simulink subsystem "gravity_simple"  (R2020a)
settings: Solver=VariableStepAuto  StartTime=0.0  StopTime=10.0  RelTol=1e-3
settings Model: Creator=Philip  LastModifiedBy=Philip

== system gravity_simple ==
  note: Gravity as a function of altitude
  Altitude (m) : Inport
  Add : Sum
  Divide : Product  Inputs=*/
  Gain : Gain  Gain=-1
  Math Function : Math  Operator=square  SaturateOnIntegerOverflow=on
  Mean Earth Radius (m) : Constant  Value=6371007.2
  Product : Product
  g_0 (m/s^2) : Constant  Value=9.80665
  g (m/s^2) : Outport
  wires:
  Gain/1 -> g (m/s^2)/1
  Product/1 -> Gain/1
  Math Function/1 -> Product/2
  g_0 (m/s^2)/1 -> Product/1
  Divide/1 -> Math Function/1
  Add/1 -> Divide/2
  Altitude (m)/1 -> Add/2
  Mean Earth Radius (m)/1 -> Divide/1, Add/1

● Problem to solve:
Every line above with the string "Radius" in it should be copied into the answer.

● Output:
  Mean Earth Radius (m) : Constant  Value=6371007.2
  Mean Earth Radius (m)/1 -> Divide/1, Add/1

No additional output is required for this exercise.